Building on Class 9 function basics, this topic covers recursion (functions that call themselves), lambda expressions (anonymous functions), higher-order functions (map, filter), and modules for code organisation.
Recursion: a function that calls itself. Must have a base case (stopping condition) to avoid infinite recursion. Factorial: def factorial(n): if n == 0: return 1; return n * factorial(n-1). How it works: factorial(4) → 4 * factorial(3) → 4 * 3 * factorial(2) → ... → 4 * 3 * 2 * 1 = 24. Classic examples: Fibonacci, power, sum of digits, Tower of Hanoi. Python's default recursion limit: 1000 calls.
Lambda: anonymous function for simple operations. square = lambda x: x**2; square(5) → 25. map(): apply function to every item. list(map(lambda x: x**2, [1,2,3,4])) → [1,4,9,16]. filter(): keep items where function returns True. list(filter(lambda x: x%2==0, [1,2,3,4])) → [2,4]. Modules: import math (math.sqrt, math.pi), import random (random.randint, random.choice), import os, import datetime. Create your own: save functions in mymodule.py, use import mymodule.

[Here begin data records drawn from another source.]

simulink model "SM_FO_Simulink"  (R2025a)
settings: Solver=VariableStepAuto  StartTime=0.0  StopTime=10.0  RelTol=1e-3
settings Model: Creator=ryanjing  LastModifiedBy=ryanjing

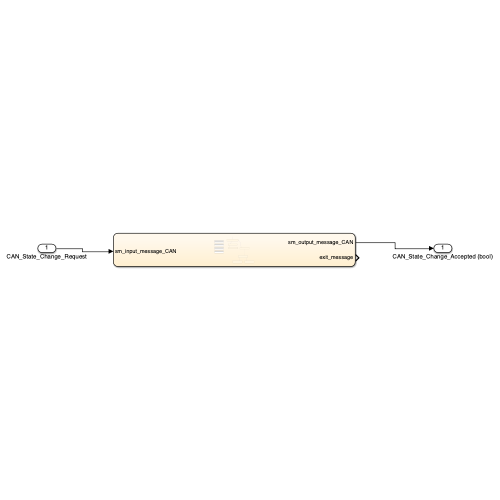
[thumbnail: Simulink's stored preview of the top-level diagram]
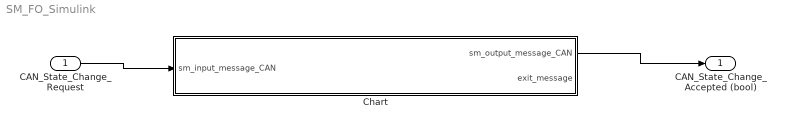
== system SM_FO_Simulink ==
  CAN_State_Change_Request : Inport
  Chart : Stateflow chart  TreatAsAtomicUnit=on
  CAN_State_Change_Accepted (bool) : Outport
  wires:
  CAN_State_Change_Request/1 -> Chart/1(sm_input_message_CAN)
  Chart/1(sm_output_message_CAN) -> CAN_State_Change_Accepted (bool)/1

== stateflow chart SM_FO_Simulink/Chart ==
  state Entry_State
    entry:
    parsed_message = parseCANMessage(sm_input_message_CAN);
  state Init_State
    entry:
    entry_status = SMFO_Init(sm_input_message_CAN);
  state Started_State
    entry:
    fprintf('Exit status: %f\n, vehicle started', entry_status)
    exit_message = entry_status;
  state Check_Message_State
    entry:
    state_request = GetCANMessage(parsed_message);
  state ACC_State
    entry:
    fprintf('ACC Requested')
    accAllowed = checkACCAllowed();
  state ACC_State1
    entry:
    fprintf('ACC Denied')
    sm_output_message_CAN = accAllowed;
  state ACC_State2
    entry:
    fprintf('ACC Accepted, sending ACC allow message');
    sm_output_message_CAN = accAllowed;
  (default) -> Entry_State
  Entry_State -> Check_Message_State [order 1] : [parsed_message > 0]
  Entry_State -> Init_State [order 2] : [parsed_message == 0]
  Init_State -> Started_State
  Check_Message_State -> ACC_State : [state_request == 2]
  ACC_State -> ACC_State1 [order 1] : [accAllowed == 0]
  ACC_State -> ACC_State2 [order 2] : [accAllowed == 1]
  data: input_CAN_data function_input; parsed_data function_output; input_CAN_data function_input; sm_status function_output; parsed_CAN_data function_input; message_request function_output; accAllowed function_output; sm_status local; sm_input_message_CAN input; entry_status local; accAllowed local; sm_output_message_CAN output; state_request local; parsed_message local; exit_message output
  function parsed_data = parseCANMessage(input_CAN_data):
    | function parsed_data = parseCANMessage(input_CAN_data)
    |     parsed_data = 1;
    | return
  function sm_status = SMFO_Init(input_CAN_data):
    | % enum off, standby, active, etc
    | function sm_status = SMFO_Init(input_CAN_data)
    |     InitializeStateMessages();
    |     sm_status_init = InitializeCarStructs(input_CAN_data);
    | 
    |     fprintf('State Machine status is: %f\n', sm_status_init);
    | 
    |     sm_status = sm_status_init;
    | 
    | end
    | 
    | function InitializeStateMessages()
    | 
    | end
    | 
    | function sm_status = InitializeCarStructs(input_CAN_data)
    |     carFeatureStatus = struct( ...
    |         'CACC', 0, ...
    |         'ACC', 0, ...
    |         'AIN', 0, ...
    |         'LCC', 0, ...
    |         'AP', 0 ...
    |     );
    | 
    |     carSwitches = struct(...
    |         'V2X', 0, ...
    |         'LongSwitch', 0, ...
    |         'LatSwitch', 0 ...  
    |     );
    | 
    |     carMainDriveInputs = struct(...
    |         'Speed', 0, ...
    |         'Brake_Pressed', 0 ...
    |     );
    | 
    |     carManualControlInputs = struct(...
    |         'Enable_ACC', 0, ...
    |         'Enable_AIN', 0, ...
    |         'Enable_CACC', 0, ...
    |         'Enable_LCC', 0, ...
    |         'Enable_AP', 0, ...
    |         'Cancel_Button', 0, ...
    |         'Set_Button', 0, ...
    |         'Finish_Button', 0 ...
    |     );
    | 
    |     carSensorInputs = struct(...
    |         'Lane_Detected', 0, ...
    |         'Parking_Space_Distance', 0, ...
    |         'Lane_Centered', 0 ...
    |     );
    | 
    |     overallCarStruct = struct( ...
    |         'FeatureStatus', carFeatureStatus, ...
    |         'Switches', carSwitches, ...
    |         'MainDriveInputs', carMainDriveInputs, ...
    |         'ManualControlInputs', carManualControlInputs, ...
    |         'SensorInputs', carSensorInputs ...
    |     );
    | 
    |     sm_status = 1;
    | 
    | end
  function message_request = GetCANMessage(parsed_CAN_data):
    | function message_request = GetCANMessage(parsed_CAN_data)
    |     if parsed_CAN_data > 0
    |         message_request = 2;
    |     else
    |         message_request = 0;
    |     end
    | end
  function accAllowed = checkACCAllowed:
    | function accAllowed = checkACCAllowed()
    |     % accAllowed = overallCarStruct.ManualControlInputs.EnableACC;
    |     accAllowed = 1;
    | end

Use recursion when the problem has a natural recursive structure — tree traversal, mathematical sequences (factorial, Fibonacci), divide-and-conquer algorithms, exploring all possibilities (backtracking). Use loops when you need simple iteration — processing a list, counting, searching. Recursion is elegant but uses more memory (each call adds to the call stack) and can be slower than loops. In Python, prefer loops for performance-critical code. Use recursion when it makes the logic significantly clearer.